Segment Start: Dataset extract

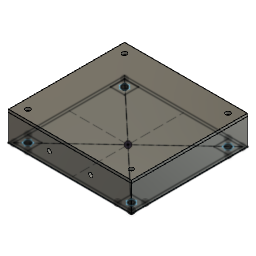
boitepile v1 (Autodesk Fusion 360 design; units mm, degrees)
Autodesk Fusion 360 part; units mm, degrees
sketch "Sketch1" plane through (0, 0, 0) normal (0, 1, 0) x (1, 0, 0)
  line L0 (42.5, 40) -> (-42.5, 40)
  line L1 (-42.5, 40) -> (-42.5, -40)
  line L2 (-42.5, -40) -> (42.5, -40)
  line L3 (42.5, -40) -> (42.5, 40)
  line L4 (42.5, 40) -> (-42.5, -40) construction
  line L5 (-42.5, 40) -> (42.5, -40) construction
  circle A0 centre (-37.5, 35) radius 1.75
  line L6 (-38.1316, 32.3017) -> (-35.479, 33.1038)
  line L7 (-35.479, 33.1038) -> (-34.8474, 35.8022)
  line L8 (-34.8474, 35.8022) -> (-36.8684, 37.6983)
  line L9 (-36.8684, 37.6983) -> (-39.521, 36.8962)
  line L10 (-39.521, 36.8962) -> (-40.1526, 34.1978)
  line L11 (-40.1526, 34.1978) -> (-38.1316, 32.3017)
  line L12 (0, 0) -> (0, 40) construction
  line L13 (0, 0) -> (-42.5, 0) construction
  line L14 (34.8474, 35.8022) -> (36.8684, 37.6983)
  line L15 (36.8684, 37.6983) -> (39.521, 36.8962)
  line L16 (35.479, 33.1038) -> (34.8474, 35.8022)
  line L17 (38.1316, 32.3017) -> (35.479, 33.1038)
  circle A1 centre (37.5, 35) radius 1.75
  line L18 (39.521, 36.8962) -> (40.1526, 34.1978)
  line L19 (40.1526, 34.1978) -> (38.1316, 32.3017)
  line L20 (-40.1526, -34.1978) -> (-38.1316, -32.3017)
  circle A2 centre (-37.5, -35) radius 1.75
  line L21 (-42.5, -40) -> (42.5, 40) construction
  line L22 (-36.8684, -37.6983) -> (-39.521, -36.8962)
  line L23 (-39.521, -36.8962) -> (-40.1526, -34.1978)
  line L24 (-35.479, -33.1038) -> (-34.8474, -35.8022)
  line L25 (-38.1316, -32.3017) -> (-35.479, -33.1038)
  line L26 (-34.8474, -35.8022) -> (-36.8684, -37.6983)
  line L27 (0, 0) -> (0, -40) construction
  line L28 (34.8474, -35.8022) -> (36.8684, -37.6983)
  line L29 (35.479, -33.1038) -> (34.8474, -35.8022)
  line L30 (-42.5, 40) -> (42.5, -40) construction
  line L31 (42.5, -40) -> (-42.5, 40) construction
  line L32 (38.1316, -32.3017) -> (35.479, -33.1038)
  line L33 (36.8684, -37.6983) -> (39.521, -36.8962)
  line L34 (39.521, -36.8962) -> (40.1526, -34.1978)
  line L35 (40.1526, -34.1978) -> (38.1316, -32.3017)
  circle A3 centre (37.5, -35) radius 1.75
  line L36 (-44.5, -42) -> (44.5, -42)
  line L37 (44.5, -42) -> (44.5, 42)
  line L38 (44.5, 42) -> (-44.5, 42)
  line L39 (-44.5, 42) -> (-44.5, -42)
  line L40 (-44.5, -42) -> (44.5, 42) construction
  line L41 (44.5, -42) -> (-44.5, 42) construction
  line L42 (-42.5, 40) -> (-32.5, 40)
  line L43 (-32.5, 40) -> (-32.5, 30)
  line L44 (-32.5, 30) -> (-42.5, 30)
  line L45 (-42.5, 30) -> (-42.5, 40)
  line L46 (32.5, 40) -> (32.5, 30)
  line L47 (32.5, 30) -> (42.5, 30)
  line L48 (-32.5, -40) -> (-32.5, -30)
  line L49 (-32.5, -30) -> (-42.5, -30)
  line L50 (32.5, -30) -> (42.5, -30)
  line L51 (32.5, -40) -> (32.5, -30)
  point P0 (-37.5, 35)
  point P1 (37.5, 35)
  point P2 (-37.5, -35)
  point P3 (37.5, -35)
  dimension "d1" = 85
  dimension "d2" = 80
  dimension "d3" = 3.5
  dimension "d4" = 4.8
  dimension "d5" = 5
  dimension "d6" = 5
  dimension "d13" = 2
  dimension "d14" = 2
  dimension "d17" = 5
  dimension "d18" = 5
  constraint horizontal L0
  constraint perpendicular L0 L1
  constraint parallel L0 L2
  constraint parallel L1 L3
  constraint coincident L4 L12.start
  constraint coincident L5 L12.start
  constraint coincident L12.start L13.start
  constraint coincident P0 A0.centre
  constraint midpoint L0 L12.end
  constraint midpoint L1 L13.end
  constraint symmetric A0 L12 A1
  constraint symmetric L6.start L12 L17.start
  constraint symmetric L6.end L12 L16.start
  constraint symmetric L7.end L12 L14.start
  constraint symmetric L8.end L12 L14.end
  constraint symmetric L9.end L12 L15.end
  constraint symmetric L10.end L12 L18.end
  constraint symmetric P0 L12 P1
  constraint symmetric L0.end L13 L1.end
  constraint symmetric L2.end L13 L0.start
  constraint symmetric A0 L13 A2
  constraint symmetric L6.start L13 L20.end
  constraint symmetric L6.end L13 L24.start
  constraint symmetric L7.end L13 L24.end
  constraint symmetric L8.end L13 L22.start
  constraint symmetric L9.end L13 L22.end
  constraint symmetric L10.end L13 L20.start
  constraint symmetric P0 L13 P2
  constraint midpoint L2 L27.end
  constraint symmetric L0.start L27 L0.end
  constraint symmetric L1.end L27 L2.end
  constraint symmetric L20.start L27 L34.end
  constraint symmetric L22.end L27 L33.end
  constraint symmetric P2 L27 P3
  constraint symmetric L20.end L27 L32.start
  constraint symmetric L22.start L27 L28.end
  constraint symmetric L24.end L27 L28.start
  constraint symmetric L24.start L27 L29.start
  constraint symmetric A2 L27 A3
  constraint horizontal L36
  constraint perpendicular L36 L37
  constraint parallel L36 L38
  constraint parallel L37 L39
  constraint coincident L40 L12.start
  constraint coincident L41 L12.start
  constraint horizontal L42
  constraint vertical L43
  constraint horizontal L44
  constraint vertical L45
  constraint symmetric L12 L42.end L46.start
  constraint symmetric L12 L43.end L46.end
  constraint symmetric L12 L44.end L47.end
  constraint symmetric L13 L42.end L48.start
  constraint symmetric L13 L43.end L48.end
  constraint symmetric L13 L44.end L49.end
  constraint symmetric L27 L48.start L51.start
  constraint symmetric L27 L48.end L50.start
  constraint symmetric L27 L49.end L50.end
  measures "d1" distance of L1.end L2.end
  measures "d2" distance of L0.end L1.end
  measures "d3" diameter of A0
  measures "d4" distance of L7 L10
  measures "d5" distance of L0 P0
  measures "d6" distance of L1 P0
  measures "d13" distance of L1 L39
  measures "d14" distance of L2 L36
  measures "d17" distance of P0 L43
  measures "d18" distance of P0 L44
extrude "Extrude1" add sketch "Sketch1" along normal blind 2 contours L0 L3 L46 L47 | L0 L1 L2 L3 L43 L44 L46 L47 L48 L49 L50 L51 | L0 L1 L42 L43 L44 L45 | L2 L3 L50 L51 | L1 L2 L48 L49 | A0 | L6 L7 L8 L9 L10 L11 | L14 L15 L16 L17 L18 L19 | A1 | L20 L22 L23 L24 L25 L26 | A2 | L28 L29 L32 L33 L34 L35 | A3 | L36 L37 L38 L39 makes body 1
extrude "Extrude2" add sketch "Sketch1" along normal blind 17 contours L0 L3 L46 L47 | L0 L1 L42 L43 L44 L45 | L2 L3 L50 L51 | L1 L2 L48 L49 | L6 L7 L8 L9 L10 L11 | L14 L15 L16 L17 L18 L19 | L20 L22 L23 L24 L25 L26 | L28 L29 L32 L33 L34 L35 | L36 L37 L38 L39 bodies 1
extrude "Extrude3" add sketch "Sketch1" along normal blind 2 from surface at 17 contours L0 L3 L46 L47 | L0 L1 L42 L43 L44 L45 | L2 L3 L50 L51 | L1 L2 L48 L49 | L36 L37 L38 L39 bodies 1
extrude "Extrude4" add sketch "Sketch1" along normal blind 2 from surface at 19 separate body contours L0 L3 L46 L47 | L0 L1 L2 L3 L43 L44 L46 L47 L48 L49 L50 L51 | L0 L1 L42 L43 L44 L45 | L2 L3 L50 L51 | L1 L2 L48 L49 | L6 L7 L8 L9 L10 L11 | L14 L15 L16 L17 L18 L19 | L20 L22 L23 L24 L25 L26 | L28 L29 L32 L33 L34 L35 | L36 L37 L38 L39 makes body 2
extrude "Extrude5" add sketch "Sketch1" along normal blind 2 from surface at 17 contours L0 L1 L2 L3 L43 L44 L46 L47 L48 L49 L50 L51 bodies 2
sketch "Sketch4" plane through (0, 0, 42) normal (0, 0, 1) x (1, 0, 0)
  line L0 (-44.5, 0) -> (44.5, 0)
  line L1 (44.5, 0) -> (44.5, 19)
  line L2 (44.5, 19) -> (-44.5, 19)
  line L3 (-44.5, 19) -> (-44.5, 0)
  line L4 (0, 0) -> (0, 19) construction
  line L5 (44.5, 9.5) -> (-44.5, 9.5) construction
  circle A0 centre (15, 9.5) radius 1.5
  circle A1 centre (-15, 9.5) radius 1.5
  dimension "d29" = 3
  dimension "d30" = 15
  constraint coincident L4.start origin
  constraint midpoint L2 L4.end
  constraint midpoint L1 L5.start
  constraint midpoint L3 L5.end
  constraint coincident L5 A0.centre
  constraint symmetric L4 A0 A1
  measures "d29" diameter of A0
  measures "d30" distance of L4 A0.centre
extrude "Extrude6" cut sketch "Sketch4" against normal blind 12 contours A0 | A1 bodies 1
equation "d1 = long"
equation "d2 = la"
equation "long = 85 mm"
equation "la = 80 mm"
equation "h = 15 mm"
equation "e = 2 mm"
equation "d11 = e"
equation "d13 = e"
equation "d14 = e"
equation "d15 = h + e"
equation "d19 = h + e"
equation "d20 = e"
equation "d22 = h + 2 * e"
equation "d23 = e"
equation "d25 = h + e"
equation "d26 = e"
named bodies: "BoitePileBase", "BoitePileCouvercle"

Segment End: Dataset extract

Referring to the material above, set down exactly the lines between the line with "distance of L7 L10" and the line with "makes body 2", inclusive, and no other lines.

== Answer section ==
  measures "d4" distance of L7 L10
  measures "d5" distance of L0 P0
  measures "d6" distance of L1 P0
  measures "d13" distance of L1 L39
  measures "d14" distance of L2 L36
  measures "d17" distance of P0 L43
  measures "d18" distance of P0 L44
extrude "Extrude1" add sketch "Sketch1" along normal blind 2 contours L0 L3 L46 L47 | L0 L1 L2 L3 L43 L44 L46 L47 L48 L49 L50 L51 | L0 L1 L42 L43 L44 L45 | L2 L3 L50 L51 | L1 L2 L48 L49 | A0 | L6 L7 L8 L9 L10 L11 | L14 L15 L16 L17 L18 L19 | A1 | L20 L22 L23 L24 L25 L26 | A2 | L28 L29 L32 L33 L34 L35 | A3 | L36 L37 L38 L39 makes body 1
extrude "Extrude2" add sketch "Sketch1" along normal blind 17 contours L0 L3 L46 L47 | L0 L1 L42 L43 L44 L45 | L2 L3 L50 L51 | L1 L2 L48 L49 | L6 L7 L8 L9 L10 L11 | L14 L15 L16 L17 L18 L19 | L20 L22 L23 L24 L25 L26 | L28 L29 L32 L33 L34 L35 | L36 L37 L38 L39 bodies 1
extrude "Extrude3" add sketch "Sketch1" along normal blind 2 from surface at 17 contours L0 L3 L46 L47 | L0 L1 L42 L43 L44 L45 | L2 L3 L50 L51 | L1 L2 L48 L49 | L36 L37 L38 L39 bodies 1
extrude "Extrude4" add sketch "Sketch1" along normal blind 2 from surface at 19 separate body contours L0 L3 L46 L47 | L0 L1 L2 L3 L43 L44 L46 L47 L48 L49 L50 L51 | L0 L1 L42 L43 L44 L45 | L2 L3 L50 L51 | L1 L2 L48 L49 | L6 L7 L8 L9 L10 L11 | L14 L15 L16 L17 L18 L19 | L20 L22 L23 L24 L25 L26 | L28 L29 L32 L33 L34 L35 | L36 L37 L38 L39 makes body 2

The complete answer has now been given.